Die will sie vor allem nach ihrer Schwangerschaft wieder ausleben: „Ich möchte wieder ins Musikstudio gehen und eine Platte aufnehmen. Das hatte ich eigentlich schon vor meiner Schwangerschaft vor.“ Trotz der großen Musik-Comeback-Pläne will sie es nach der Geburt ihres Kindes dennoch erst einmal langsam angehen.

„Wenn mein Sohn dann da ist, werde ich natürlich noch eine kleine Auszeit nehmen und mich ganz und gar darauf konzentrieren, eine gute Mutter zu sein. Doch danach sehe ich keinen Grund, warum ich kein Album aufnehmen und auf Tour gehen kann. Das wird sicherlich alles noch eine Weile dauern, aber ich freue mich riesig drauf.“

Doch auch bis dahin wird es sicherlich nicht ruhig um die werdende Mutter.
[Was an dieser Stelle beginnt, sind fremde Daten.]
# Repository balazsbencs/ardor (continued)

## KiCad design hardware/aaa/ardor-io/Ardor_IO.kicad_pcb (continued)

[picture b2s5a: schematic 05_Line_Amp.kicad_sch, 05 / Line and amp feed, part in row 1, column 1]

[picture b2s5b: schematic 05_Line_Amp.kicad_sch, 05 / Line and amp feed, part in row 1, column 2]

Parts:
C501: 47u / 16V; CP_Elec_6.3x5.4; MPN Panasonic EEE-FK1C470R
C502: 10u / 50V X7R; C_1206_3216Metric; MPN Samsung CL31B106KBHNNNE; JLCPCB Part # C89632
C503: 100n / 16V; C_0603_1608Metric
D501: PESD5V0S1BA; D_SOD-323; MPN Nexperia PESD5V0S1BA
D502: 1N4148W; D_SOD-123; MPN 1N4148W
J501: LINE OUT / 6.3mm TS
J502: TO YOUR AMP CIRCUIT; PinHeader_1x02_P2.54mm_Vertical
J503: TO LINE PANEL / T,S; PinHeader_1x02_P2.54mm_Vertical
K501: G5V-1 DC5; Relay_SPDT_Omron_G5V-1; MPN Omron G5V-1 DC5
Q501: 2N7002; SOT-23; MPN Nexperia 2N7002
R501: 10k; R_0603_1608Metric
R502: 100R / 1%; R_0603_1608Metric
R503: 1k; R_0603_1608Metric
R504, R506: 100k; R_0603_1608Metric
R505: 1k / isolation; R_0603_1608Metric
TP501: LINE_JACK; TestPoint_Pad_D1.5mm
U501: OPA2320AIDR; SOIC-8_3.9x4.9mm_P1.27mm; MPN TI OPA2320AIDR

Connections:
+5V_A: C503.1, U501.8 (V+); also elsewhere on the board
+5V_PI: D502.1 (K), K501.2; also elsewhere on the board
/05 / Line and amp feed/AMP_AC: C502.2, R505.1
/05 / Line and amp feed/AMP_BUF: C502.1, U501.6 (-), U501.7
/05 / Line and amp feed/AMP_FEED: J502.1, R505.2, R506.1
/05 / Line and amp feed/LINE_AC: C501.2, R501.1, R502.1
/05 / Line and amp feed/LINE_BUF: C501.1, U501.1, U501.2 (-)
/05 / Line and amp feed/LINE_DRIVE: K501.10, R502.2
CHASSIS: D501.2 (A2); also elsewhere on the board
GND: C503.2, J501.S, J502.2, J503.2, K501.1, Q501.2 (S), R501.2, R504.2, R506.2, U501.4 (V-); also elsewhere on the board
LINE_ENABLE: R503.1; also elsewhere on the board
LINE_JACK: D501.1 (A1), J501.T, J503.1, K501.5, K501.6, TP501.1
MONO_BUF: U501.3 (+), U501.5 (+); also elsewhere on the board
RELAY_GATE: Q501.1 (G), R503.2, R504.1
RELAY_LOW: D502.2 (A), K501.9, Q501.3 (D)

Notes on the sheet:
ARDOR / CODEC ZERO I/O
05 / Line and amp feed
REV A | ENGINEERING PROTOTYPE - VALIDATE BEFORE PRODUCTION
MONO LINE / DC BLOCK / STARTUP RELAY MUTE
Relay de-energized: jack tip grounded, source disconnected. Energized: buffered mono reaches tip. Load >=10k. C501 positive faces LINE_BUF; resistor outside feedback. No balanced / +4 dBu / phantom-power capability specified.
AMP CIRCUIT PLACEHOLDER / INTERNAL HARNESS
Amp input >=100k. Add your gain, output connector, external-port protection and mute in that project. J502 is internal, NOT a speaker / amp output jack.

Momentan promotet Hilary ihren zweiten Roman „Devoted“. Für ein drittes Buch wird sich während der Schwangerschaft sicherlich auch Zeit finden und bestimmt auch für das Songschreiben.


*Gruss vom Gollum*


----------



## BlueLynne (24 Okt. 2011)

da können wir ja einiges erwarten


----------



## Punisher (8 Jan. 2012)

ich freu mich drauf


----------